### PROBLEM TO SOLVE:
Your copy should hold the lines below from the first through the one that contains "Rectangle(SKETCH_1_W, SKETCH_1_H)", each retyped exactly, and no pictures.

### AVAILABLE RECORDS:
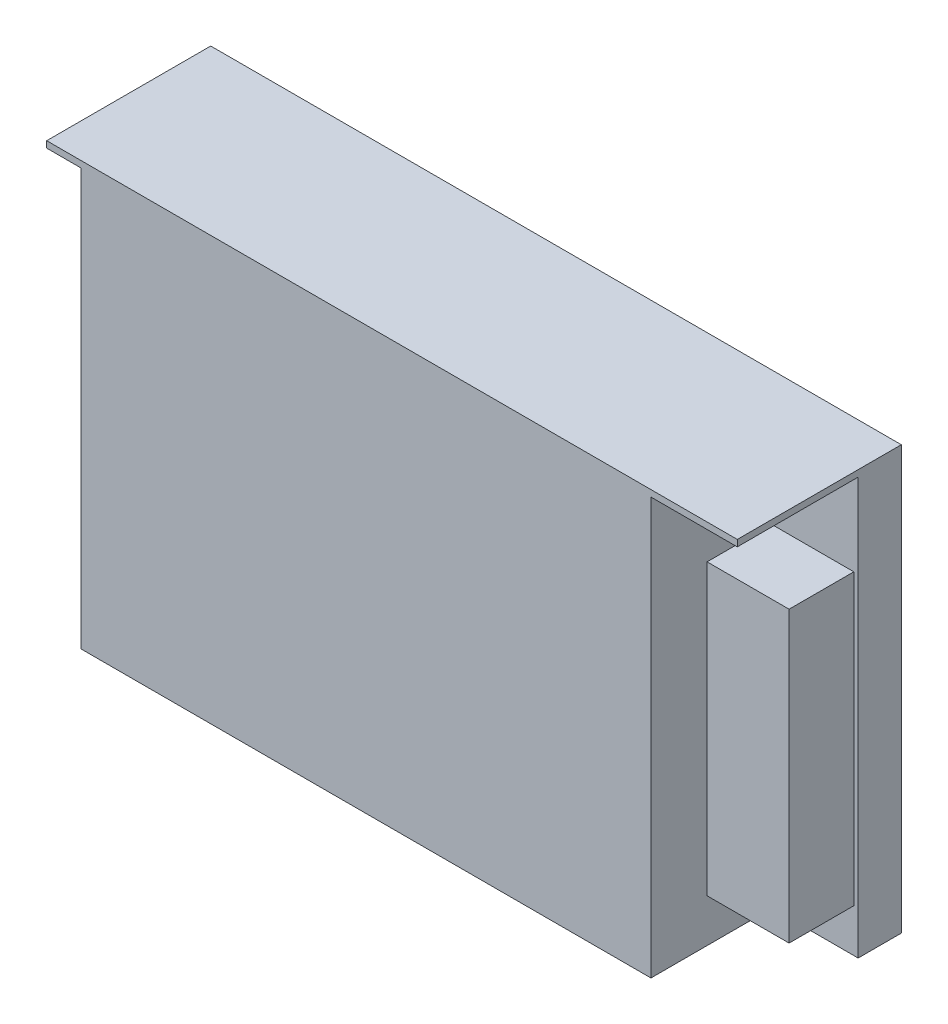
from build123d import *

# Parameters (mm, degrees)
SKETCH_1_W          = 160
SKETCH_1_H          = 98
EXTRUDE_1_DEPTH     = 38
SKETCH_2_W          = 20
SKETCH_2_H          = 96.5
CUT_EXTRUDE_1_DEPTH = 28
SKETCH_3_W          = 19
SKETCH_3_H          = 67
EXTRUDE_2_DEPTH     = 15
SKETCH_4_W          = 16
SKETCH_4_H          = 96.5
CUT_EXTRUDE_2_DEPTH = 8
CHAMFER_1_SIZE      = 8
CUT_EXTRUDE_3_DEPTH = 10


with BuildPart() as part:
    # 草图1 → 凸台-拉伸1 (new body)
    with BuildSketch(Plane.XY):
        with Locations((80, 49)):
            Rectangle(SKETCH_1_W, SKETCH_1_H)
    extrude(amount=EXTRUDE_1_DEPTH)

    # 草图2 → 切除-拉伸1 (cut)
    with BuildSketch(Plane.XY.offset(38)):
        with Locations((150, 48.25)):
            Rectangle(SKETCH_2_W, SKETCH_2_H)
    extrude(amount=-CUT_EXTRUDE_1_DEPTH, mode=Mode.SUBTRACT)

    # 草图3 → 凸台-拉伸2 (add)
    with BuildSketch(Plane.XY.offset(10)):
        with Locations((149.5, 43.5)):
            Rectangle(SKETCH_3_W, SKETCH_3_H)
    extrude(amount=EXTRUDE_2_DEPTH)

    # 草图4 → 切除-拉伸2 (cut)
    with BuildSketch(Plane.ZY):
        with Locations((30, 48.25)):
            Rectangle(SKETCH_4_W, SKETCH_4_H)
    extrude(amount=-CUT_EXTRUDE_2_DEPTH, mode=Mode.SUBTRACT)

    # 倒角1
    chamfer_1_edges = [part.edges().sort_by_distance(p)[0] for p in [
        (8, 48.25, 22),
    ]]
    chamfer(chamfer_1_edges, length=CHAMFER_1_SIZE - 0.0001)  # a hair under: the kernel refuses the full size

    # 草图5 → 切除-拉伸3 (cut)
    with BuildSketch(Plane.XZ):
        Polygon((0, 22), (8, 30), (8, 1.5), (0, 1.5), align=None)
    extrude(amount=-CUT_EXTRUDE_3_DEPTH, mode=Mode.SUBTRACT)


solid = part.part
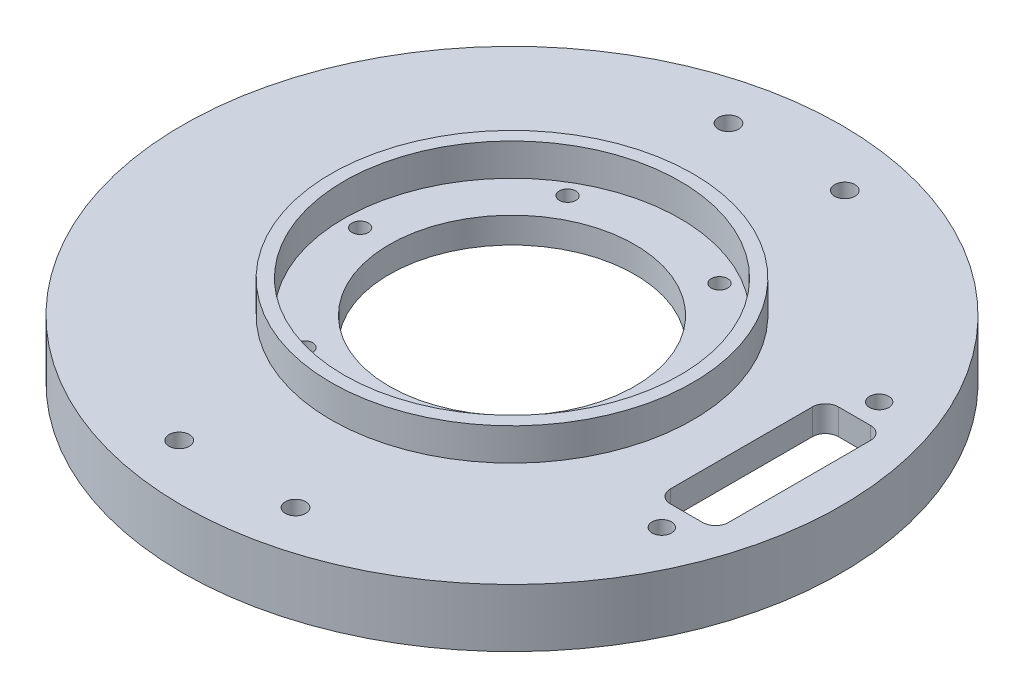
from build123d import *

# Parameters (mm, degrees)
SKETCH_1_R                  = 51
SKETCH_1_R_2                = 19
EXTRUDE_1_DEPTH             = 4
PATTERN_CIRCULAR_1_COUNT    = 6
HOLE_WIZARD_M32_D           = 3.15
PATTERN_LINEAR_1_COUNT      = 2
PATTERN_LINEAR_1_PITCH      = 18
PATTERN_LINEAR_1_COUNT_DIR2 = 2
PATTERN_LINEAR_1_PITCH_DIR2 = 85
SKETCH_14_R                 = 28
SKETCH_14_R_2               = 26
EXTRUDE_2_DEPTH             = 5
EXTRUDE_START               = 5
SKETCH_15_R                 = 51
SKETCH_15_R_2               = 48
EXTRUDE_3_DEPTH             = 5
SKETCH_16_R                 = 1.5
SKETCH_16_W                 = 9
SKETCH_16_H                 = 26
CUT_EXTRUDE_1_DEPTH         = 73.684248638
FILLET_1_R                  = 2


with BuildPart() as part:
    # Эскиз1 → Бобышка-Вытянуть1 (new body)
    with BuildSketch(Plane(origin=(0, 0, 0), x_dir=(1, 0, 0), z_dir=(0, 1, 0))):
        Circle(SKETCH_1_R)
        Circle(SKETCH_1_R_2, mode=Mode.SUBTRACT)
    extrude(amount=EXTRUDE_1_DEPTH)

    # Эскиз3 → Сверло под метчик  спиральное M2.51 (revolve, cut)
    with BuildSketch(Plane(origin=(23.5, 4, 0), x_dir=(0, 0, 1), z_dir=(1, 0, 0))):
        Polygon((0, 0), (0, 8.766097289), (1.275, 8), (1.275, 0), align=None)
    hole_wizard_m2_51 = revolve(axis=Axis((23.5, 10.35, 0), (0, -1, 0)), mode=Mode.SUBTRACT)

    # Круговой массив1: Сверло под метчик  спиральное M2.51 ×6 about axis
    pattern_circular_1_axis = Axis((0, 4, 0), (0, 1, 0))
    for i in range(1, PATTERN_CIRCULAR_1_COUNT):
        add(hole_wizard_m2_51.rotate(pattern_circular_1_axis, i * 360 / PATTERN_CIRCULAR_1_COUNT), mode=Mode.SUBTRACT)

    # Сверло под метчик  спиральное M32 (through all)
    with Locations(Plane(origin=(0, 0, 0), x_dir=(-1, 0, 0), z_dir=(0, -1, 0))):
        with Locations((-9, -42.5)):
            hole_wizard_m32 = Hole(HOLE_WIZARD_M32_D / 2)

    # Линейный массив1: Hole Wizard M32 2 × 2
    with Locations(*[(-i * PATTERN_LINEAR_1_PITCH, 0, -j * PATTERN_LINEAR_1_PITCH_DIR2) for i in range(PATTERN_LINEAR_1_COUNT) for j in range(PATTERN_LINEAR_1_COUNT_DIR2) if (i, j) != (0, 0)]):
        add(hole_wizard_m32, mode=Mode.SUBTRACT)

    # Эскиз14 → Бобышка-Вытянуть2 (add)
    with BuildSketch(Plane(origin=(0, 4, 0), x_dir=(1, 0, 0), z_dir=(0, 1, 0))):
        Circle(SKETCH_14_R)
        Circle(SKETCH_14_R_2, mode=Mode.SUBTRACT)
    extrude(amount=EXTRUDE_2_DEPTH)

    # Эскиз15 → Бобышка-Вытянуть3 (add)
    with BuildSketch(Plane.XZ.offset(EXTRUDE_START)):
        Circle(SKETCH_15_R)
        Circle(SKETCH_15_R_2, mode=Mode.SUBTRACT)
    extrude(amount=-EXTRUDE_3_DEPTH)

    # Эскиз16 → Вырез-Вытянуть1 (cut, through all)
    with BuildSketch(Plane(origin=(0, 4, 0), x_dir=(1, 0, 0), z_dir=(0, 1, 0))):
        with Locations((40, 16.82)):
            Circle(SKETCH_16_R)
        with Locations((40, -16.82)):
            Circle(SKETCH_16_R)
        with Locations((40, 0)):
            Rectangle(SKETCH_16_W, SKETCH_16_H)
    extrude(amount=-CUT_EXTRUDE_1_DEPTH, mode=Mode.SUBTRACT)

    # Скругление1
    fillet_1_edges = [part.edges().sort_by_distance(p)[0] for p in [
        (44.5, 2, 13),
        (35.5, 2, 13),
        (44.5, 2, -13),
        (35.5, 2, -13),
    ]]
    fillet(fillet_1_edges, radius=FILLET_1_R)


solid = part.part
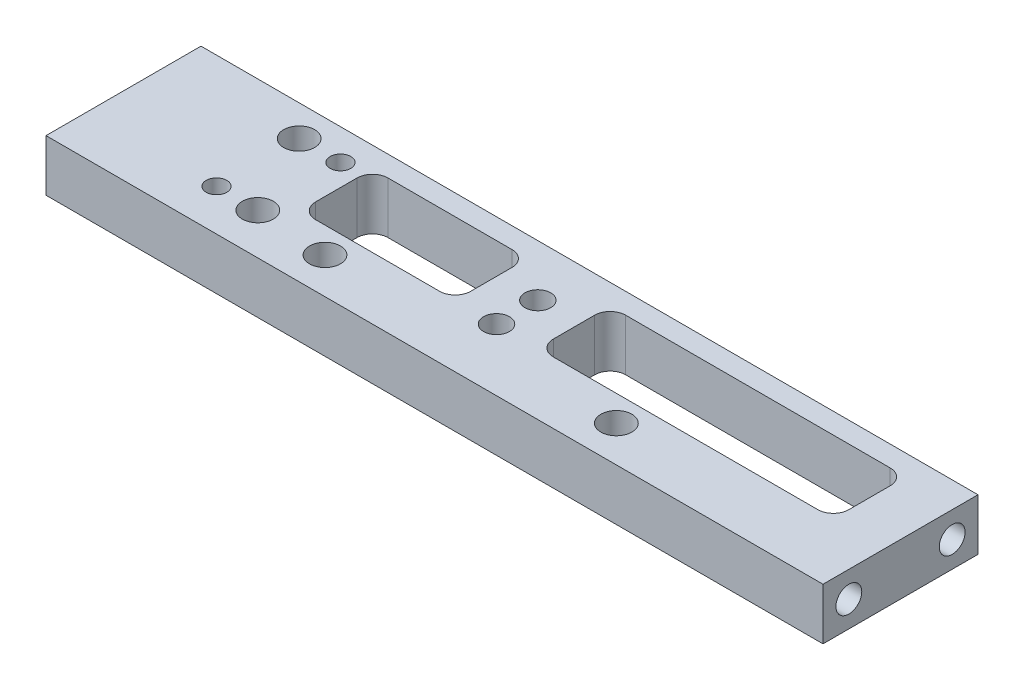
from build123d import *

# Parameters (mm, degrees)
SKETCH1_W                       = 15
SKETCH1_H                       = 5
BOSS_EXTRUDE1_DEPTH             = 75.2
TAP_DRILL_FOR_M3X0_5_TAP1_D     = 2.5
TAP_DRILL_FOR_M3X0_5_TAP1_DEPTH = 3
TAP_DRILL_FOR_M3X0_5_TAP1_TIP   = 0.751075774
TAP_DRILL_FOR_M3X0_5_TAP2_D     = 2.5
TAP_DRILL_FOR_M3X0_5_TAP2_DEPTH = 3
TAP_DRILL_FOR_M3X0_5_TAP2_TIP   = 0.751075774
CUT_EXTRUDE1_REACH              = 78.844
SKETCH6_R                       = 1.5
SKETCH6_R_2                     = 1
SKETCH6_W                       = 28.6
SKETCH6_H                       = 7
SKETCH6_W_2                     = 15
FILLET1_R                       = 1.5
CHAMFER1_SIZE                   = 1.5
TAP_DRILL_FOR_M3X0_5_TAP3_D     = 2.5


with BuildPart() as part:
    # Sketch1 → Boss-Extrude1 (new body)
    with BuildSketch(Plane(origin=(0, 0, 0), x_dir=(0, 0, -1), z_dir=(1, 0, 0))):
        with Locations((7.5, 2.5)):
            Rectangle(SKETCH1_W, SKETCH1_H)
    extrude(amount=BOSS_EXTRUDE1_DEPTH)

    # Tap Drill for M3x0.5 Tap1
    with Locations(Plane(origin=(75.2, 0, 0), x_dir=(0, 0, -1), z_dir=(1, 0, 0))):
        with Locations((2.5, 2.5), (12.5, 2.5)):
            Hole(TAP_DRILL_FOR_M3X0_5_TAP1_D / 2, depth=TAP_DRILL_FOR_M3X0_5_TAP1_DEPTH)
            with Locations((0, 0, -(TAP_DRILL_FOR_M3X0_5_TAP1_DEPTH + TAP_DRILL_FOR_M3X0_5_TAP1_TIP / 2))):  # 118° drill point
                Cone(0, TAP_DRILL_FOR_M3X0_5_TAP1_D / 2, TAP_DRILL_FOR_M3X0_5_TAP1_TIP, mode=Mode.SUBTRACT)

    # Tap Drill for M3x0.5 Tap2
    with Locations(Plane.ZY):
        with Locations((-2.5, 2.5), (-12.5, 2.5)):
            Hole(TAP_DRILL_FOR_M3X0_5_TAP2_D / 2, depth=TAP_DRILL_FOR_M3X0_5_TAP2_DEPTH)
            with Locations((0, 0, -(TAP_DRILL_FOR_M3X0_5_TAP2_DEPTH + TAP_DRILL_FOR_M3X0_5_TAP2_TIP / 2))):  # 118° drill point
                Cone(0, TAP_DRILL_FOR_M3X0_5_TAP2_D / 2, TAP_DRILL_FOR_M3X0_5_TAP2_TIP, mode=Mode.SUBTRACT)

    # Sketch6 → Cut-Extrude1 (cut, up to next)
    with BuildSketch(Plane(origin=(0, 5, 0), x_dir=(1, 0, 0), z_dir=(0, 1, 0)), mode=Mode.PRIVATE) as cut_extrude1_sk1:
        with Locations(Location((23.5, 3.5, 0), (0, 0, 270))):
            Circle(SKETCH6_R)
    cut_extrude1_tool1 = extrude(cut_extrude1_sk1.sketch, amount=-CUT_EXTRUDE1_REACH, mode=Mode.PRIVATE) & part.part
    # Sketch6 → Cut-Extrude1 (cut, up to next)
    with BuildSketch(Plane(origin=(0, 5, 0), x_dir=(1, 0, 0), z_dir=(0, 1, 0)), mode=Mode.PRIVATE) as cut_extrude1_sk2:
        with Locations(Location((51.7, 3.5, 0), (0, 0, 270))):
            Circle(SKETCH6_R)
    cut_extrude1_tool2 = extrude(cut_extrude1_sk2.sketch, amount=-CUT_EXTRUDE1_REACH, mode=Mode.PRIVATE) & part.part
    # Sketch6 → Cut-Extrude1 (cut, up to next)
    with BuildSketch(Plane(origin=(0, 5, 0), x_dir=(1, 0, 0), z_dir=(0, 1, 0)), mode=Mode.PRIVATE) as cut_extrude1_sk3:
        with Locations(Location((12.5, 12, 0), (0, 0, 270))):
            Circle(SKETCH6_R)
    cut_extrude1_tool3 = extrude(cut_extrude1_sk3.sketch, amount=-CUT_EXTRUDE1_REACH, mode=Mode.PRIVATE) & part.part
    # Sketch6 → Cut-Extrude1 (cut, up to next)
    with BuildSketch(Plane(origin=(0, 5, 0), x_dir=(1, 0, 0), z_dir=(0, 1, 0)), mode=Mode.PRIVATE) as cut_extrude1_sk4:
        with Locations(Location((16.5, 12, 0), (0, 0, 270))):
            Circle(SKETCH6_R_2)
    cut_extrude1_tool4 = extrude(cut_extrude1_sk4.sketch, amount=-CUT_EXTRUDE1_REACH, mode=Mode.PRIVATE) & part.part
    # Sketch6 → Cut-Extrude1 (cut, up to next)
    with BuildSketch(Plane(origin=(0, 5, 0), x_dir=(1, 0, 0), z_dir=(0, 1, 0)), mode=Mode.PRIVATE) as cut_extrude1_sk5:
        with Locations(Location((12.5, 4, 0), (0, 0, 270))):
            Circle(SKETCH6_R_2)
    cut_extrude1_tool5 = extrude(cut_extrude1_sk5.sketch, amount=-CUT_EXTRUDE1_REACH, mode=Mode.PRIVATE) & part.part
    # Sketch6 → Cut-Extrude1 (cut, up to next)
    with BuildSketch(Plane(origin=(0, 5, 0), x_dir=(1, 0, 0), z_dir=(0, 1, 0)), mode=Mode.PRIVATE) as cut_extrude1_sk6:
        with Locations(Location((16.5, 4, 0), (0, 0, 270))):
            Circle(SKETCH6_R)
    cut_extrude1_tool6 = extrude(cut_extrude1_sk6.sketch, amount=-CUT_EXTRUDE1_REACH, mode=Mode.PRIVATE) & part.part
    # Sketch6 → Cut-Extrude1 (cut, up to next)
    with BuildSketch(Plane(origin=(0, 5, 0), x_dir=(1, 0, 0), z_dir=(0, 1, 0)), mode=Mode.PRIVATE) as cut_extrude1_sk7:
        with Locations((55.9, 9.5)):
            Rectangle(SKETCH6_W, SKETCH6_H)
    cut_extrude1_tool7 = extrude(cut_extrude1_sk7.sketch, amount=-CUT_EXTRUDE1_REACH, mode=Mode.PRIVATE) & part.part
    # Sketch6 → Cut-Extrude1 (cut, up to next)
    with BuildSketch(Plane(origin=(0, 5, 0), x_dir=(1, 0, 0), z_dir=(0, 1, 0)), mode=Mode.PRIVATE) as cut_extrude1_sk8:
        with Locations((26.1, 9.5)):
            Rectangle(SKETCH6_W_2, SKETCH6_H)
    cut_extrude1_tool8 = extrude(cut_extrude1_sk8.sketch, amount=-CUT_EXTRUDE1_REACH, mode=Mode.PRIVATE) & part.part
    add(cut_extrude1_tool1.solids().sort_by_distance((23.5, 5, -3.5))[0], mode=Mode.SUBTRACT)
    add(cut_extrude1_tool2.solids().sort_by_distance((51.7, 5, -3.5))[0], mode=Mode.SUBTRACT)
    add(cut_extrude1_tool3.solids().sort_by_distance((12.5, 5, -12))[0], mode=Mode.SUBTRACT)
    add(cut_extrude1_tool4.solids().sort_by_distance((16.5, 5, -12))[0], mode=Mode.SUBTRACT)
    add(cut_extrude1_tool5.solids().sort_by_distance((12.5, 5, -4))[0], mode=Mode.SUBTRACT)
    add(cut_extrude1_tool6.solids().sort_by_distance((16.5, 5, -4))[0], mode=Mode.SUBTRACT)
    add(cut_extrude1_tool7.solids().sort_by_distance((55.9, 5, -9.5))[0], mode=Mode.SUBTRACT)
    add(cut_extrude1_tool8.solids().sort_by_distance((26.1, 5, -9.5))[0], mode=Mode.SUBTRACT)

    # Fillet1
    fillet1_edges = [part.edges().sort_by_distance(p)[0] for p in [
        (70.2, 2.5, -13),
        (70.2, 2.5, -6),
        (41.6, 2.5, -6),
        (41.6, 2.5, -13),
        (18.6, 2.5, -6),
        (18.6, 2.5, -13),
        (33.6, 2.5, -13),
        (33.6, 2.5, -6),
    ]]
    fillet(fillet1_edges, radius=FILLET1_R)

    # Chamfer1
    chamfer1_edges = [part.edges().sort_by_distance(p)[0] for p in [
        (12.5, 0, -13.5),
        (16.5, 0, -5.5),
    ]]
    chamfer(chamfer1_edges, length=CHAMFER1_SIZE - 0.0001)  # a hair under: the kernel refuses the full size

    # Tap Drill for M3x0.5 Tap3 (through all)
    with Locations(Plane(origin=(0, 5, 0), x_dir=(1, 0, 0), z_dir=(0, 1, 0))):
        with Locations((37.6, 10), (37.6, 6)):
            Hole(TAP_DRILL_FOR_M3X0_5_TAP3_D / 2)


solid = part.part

### REPLY TO THE TASK:
from build123d import *

# Parameters (mm, degrees)
SKETCH_1_W          = 160
SKETCH_1_H          = 98
EXTRUDE_1_DEPTH     = 38
SKETCH_2_W          = 20
SKETCH_2_H          = 96.5
CUT_EXTRUDE_1_DEPTH = 28
SKETCH_3_W          = 19
SKETCH_3_H          = 67
EXTRUDE_2_DEPTH     = 15
SKETCH_4_W          = 16
SKETCH_4_H          = 96.5
CUT_EXTRUDE_2_DEPTH = 8
CHAMFER_1_SIZE      = 8
CUT_EXTRUDE_3_DEPTH = 10


with BuildPart() as part:
    # 草图1 → 凸台-拉伸1 (new body)
    with BuildSketch(Plane.XY):
        with Locations((80, 49)):
            Rectangle(SKETCH_1_W, SKETCH_1_H)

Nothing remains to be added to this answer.